┌─ SUPPLIED DATA
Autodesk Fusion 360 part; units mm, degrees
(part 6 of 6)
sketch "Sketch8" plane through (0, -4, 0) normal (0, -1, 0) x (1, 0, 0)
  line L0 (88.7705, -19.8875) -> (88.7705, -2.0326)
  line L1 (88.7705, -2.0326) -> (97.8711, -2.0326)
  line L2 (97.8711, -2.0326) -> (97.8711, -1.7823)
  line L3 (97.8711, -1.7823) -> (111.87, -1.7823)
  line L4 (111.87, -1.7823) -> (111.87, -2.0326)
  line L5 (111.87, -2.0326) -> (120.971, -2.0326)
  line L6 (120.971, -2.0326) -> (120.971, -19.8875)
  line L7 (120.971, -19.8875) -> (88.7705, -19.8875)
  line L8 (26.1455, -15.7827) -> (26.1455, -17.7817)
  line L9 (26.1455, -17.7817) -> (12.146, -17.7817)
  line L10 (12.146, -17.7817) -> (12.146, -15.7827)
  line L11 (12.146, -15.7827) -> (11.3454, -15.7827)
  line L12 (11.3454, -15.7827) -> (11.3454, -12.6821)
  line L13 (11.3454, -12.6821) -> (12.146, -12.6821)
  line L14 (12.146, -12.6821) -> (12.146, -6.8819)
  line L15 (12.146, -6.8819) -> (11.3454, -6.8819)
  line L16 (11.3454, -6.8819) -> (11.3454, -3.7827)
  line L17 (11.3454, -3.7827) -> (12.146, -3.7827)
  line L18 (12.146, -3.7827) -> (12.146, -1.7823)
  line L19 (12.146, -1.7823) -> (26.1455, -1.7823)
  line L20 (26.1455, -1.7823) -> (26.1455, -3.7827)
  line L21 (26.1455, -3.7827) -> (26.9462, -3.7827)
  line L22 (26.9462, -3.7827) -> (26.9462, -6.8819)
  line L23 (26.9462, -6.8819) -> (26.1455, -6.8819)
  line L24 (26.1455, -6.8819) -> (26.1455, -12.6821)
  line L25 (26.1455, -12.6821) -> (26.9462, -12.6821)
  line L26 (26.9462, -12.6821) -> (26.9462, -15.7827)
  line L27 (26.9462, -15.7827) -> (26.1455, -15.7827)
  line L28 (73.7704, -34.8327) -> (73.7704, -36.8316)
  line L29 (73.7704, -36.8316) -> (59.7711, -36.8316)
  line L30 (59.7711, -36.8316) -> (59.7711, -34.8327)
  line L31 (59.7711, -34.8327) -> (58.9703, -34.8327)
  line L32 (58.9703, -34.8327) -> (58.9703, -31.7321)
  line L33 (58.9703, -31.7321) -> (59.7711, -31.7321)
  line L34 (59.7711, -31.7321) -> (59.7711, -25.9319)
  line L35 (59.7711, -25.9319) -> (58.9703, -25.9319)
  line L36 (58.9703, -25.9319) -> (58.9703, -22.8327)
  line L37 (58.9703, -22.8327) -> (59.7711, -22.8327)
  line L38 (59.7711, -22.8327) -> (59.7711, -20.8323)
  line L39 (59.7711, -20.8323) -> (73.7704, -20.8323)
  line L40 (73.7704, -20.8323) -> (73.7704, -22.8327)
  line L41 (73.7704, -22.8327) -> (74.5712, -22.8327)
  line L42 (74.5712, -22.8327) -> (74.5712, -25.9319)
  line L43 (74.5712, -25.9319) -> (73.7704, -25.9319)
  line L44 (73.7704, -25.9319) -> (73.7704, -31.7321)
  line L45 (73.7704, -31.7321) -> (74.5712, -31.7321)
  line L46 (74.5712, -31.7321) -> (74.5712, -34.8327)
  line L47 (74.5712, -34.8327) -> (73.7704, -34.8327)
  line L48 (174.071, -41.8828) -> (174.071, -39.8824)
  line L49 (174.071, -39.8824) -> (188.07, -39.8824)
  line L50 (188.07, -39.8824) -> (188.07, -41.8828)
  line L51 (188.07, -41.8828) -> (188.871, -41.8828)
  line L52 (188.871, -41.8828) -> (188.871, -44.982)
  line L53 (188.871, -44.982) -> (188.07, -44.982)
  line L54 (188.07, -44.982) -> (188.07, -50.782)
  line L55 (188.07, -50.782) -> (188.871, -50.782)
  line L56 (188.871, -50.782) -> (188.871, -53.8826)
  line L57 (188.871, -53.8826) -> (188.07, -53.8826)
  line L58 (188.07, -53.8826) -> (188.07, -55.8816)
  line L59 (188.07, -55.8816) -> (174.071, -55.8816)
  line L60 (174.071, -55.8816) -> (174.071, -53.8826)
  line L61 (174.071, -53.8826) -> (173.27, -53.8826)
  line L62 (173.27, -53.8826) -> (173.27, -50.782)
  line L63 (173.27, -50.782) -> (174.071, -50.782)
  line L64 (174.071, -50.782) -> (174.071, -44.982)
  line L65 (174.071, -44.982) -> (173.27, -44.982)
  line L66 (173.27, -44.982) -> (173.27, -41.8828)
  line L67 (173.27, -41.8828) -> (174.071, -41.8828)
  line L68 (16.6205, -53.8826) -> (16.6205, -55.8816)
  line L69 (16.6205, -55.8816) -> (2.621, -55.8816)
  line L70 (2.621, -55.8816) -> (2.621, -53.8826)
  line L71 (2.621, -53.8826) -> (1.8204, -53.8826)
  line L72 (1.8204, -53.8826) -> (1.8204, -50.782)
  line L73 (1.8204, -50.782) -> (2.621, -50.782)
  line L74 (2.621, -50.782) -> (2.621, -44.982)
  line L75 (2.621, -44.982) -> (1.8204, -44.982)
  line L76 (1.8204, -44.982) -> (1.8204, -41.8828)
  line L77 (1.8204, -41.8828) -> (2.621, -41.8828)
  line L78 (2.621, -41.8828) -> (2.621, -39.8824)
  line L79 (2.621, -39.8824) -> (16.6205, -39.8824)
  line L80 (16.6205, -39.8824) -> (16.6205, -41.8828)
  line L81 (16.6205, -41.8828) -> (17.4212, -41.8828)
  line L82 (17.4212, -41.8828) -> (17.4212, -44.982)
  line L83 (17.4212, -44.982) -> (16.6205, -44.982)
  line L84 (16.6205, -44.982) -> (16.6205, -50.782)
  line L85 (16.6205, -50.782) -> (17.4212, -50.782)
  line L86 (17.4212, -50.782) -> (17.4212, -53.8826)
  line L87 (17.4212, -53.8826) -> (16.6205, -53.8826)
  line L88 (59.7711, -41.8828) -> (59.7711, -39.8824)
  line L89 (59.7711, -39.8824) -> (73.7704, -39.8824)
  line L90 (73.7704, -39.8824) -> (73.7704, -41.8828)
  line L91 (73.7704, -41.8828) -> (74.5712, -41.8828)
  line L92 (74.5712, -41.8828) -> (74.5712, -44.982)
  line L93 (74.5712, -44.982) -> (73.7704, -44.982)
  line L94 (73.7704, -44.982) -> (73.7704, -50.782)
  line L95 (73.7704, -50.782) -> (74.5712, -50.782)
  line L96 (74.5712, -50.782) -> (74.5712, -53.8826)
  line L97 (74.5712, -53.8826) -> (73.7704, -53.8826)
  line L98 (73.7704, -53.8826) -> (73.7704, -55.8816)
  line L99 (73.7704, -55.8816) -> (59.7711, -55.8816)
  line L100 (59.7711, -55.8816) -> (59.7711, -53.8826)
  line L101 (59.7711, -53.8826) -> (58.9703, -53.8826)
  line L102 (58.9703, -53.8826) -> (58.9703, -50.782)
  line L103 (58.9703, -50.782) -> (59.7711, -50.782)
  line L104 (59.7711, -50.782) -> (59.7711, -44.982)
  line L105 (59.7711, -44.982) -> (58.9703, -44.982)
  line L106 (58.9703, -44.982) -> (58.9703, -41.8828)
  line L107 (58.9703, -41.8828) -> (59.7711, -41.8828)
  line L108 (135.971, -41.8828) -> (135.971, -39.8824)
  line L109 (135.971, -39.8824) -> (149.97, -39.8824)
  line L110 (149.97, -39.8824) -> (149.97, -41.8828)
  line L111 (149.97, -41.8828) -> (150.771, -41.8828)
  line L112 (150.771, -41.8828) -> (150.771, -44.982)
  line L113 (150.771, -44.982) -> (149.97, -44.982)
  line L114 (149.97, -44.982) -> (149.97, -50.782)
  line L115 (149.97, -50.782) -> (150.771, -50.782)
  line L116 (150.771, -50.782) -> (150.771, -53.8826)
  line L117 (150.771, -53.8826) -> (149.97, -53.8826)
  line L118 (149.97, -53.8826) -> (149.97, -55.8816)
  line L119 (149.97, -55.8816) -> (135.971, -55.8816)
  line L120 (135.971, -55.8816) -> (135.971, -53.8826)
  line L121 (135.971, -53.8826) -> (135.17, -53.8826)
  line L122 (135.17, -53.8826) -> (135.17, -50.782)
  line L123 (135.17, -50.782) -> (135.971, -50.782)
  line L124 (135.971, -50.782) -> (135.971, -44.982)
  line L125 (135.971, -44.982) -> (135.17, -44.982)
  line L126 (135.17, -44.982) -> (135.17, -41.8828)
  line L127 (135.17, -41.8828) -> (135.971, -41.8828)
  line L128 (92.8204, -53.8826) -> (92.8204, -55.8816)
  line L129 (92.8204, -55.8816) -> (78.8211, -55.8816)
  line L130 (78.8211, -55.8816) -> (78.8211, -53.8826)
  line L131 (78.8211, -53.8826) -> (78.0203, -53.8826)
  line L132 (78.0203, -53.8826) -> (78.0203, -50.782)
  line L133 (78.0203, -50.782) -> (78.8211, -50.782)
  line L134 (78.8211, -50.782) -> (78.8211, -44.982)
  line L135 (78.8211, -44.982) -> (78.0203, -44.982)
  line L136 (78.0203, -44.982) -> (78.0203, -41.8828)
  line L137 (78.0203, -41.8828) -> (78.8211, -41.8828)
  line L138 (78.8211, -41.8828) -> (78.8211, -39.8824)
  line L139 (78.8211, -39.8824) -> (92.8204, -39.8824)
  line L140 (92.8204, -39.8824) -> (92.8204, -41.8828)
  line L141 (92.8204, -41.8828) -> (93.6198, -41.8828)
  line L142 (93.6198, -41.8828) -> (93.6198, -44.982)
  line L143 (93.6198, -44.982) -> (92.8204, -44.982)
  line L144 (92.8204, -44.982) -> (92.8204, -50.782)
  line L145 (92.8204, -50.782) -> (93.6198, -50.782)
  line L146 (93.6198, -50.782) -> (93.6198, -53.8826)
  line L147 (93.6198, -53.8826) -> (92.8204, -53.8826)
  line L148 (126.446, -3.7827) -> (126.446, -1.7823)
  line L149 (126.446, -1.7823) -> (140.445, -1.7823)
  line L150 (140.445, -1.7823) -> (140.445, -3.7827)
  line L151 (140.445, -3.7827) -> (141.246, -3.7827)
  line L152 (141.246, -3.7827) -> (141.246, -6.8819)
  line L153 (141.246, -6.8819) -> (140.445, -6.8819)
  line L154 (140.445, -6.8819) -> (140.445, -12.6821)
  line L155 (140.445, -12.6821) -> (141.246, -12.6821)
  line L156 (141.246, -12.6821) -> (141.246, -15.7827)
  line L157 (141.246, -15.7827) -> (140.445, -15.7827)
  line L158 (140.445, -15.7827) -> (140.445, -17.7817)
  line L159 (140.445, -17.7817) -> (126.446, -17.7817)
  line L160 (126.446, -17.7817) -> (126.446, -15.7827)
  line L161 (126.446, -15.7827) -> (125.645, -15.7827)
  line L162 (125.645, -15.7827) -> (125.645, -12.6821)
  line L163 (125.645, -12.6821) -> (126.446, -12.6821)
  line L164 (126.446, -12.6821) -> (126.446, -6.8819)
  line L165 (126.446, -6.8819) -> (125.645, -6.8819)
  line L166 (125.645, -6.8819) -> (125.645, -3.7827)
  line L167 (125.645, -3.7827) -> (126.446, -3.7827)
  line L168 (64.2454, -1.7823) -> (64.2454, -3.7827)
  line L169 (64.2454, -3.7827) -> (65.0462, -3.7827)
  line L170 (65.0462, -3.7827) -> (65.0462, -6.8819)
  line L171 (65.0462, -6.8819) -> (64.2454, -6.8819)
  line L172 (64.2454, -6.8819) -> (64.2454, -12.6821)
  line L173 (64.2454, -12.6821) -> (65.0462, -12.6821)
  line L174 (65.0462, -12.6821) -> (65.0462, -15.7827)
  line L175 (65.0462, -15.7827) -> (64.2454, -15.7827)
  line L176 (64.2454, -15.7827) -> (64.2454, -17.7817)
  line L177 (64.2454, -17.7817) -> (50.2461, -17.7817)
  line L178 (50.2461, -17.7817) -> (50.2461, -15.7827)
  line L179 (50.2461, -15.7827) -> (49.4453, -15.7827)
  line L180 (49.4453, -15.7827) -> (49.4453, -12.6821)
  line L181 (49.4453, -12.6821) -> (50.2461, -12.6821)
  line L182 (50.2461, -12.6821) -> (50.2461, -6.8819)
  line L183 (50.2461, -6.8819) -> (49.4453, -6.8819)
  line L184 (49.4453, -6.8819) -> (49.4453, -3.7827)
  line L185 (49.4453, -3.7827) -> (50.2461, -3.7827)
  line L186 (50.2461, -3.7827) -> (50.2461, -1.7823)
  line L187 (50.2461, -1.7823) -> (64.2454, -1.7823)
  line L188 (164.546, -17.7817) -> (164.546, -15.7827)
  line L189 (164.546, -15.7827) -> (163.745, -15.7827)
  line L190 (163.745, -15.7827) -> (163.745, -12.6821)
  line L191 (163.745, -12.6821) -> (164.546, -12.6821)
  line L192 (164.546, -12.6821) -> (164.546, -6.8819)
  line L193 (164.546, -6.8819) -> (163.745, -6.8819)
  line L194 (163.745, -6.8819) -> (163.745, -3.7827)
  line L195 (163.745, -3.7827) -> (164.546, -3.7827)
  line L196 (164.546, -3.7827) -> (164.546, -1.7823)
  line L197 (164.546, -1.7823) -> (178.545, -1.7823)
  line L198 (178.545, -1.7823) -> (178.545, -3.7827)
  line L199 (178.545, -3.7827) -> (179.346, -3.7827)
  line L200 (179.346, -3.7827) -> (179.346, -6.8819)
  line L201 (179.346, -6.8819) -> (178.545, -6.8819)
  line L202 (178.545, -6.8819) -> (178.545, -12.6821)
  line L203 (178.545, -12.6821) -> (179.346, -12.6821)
└─
INSTRUCTIONS TO FOLLOW:
In the entries above, find the line holding "line L133 (78.0203, -50.782)" and the line holding "line L164 (126.446, -12.6821)"; print both of them and every line between, exactly, and nothing else.

OUTPUT FOR THIS TASK:
  line L133 (78.0203, -50.782) -> (78.8211, -50.782)
  line L134 (78.8211, -50.782) -> (78.8211, -44.982)
  line L135 (78.8211, -44.982) -> (78.0203, -44.982)
  line L136 (78.0203, -44.982) -> (78.0203, -41.8828)
  line L137 (78.0203, -41.8828) -> (78.8211, -41.8828)
  line L138 (78.8211, -41.8828) -> (78.8211, -39.8824)
  line L139 (78.8211, -39.8824) -> (92.8204, -39.8824)
  line L140 (92.8204, -39.8824) -> (92.8204, -41.8828)
  line L141 (92.8204, -41.8828) -> (93.6198, -41.8828)
  line L142 (93.6198, -41.8828) -> (93.6198, -44.982)
  line L143 (93.6198, -44.982) -> (92.8204, -44.982)
  line L144 (92.8204, -44.982) -> (92.8204, -50.782)
  line L145 (92.8204, -50.782) -> (93.6198, -50.782)
  line L146 (93.6198, -50.782) -> (93.6198, -53.8826)
  line L147 (93.6198, -53.8826) -> (92.8204, -53.8826)
  line L148 (126.446, -3.7827) -> (126.446, -1.7823)
  line L149 (126.446, -1.7823) -> (140.445, -1.7823)
  line L150 (140.445, -1.7823) -> (140.445, -3.7827)
  line L151 (140.445, -3.7827) -> (141.246, -3.7827)
  line L152 (141.246, -3.7827) -> (141.246, -6.8819)
  line L153 (141.246, -6.8819) -> (140.445, -6.8819)
  line L154 (140.445, -6.8819) -> (140.445, -12.6821)
  line L155 (140.445, -12.6821) -> (141.246, -12.6821)
  line L156 (141.246, -12.6821) -> (141.246, -15.7827)
  line L157 (141.246, -15.7827) -> (140.445, -15.7827)
  line L158 (140.445, -15.7827) -> (140.445, -17.7817)
  line L159 (140.445, -17.7817) -> (126.446, -17.7817)
  line L160 (126.446, -17.7817) -> (126.446, -15.7827)
  line L161 (126.446, -15.7827) -> (125.645, -15.7827)
  line L162 (125.645, -15.7827) -> (125.645, -12.6821)
  line L163 (125.645, -12.6821) -> (126.446, -12.6821)
  line L164 (126.446, -12.6821) -> (126.446, -6.8819)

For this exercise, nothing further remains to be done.